== Task to complete ==
Starting with the line that contains "line L21 (0, 0) -> (-65, 0) construction", copy out each line through the end of the entries below, exactly as written, and nothing else.

== Records from a dataset ==

-- Opening Marker --

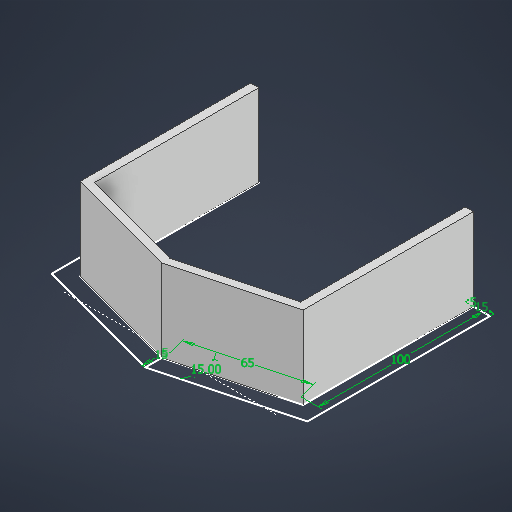
# Autodesk Inventor part: Rumpf
Saved by Autodesk Inventor 2026.2 (Build 302298000, 298)
## iProperties
Created: 2026-01-19
Part Number: Rumpf
Material: Generic
Document SubType Name: Modeling
Designer: Cobble
Density: 1 g/cm^3
Appearance: Default
Author: Cobble
Autodesk Inventor part; units mm, degrees
ref_plane "YZ Plane" through (0, 0, 0) normal (1, 0, 0) x (0, 1, 0)
ref_plane "XZ Plane" through (0, 0, 0) normal (0, 1, 0) x (-1, 0, 0)
ref_plane "XY Plane" through (0, 0, 0) normal (0, 0, 1) x (1, 0, 0)
sketch "Sketch1" plane through (0, 0, 0) normal (0, 0, 1) x (1, 0, 0)
  line L0 (0, 0) -> (62.7852, 16.8232)
  line L1 (0, 0) -> (65, 0) construction
  line L2 (62.7852, 16.8232) -> (62.7852, 116.8232)
  line L3 (62.7852, 116.8232) -> (67.7852, 116.8232)
  line L4 (67.7852, 116.8232) -> (67.7852, 13.163)
  line L5 (67.7852, 13.163) -> (0, -5)
  line L6 (0, -5) -> (0, 0)
  line L7 (0, 0) -> (-62.7852, 16.8232)
  line L8 (0, 0) -> (-65, 0) construction
  line L9 (-62.7852, 16.8232) -> (-62.7852, 116.8232)
  line L10 (-62.7852, 116.8232) -> (-67.7852, 116.8232)
  line L11 (-67.7852, 116.8232) -> (-67.7852, 13.163)
  line L12 (-67.7852, 13.163) -> (0, -5)
  line L13 (0, 0) -> (62.7852, 16.8232)
  line L14 (0, 0) -> (65, 0) construction
  line L15 (62.7852, 16.8232) -> (62.7852, 116.8232)
  line L16 (62.7852, 116.8232) -> (77.7852, 116.8232)
  line L17 (77.7852, 116.8232) -> (77.7852, 5.8425)
  line L18 (77.7852, 5.8425) -> (0, -15)
  line L19 (0, 0) -> (0, -15)
  line L20 (0, 0) -> (-62.7852, 16.8232)
  line L21 (0, 0) -> (-65, 0) construction
  line L22 (-62.7852, 16.8232) -> (-62.7852, 116.8232)
  line L23 (-62.7852, 116.8232) -> (-77.7852, 116.8232)
  line L24 (-77.7852, 116.8232) -> (-77.7852, 5.8425)
  line L25 (-77.7852, 5.8425) -> (0, -15)
  dimension "d0" = 65
  dimension "d1" = 15
  dimension "d2" = 100
  dimension "d3" = 5
  dimension "d4" = 5
  dimension "d7" = 65
  dimension "d8" = 15
  dimension "d9" = 100
  dimension "d10" = 15
  dimension "d11" = 15
  constraints: 52 end point, 10 symmetric about line, 4 perpendicular, 3 parallel, 3 vertical, 2 equal length, 2 horizontal
  measures "d0" distance of L0.start L0.end
  measures "d1" angle of L1 L0
  measures "d2" distance of L0.end L2.end
  measures "d3" distance of L2.end L3.end
  measures "d4" distance of L5.end L0.start
  measures "d7" distance of L13.start L13.end
  measures "d8" angle of L14 L13
  measures "d9" distance of L13.end L15.end
  measures "d10" distance of L15.end L16.end
  measures "d11" distance of L18.end L13.start
extrude "Extrusion1" add sketch "Sketch1" along normal blind 50 contours L0 L2 L3 L4 L5 L6 | L6 L12 L11 L10 L9 L7
body "Solid1"

-- Closing Marker --

== Result of this exercise ==
  line L21 (0, 0) -> (-65, 0) construction
  line L22 (-62.7852, 16.8232) -> (-62.7852, 116.8232)
  line L23 (-62.7852, 116.8232) -> (-77.7852, 116.8232)
  line L24 (-77.7852, 116.8232) -> (-77.7852, 5.8425)
  line L25 (-77.7852, 5.8425) -> (0, -15)
  dimension "d0" = 65
  dimension "d1" = 15
  dimension "d2" = 100
  dimension "d3" = 5
  dimension "d4" = 5
  dimension "d7" = 65
  dimension "d8" = 15
  dimension "d9" = 100
  dimension "d10" = 15
  dimension "d11" = 15
  constraints: 52 end point, 10 symmetric about line, 4 perpendicular, 3 parallel, 3 vertical, 2 equal length, 2 horizontal
  measures "d0" distance of L0.start L0.end
  measures "d1" angle of L1 L0
  measures "d2" distance of L0.end L2.end
  measures "d3" distance of L2.end L3.end
  measures "d4" distance of L5.end L0.start
  measures "d7" distance of L13.start L13.end
  measures "d8" angle of L14 L13
  measures "d9" distance of L13.end L15.end
  measures "d10" distance of L15.end L16.end
  measures "d11" distance of L18.end L13.start
extrude "Extrusion1" add sketch "Sketch1" along normal blind 50 contours L0 L2 L3 L4 L5 L6 | L6 L12 L11 L10 L9 L7
body "Solid1"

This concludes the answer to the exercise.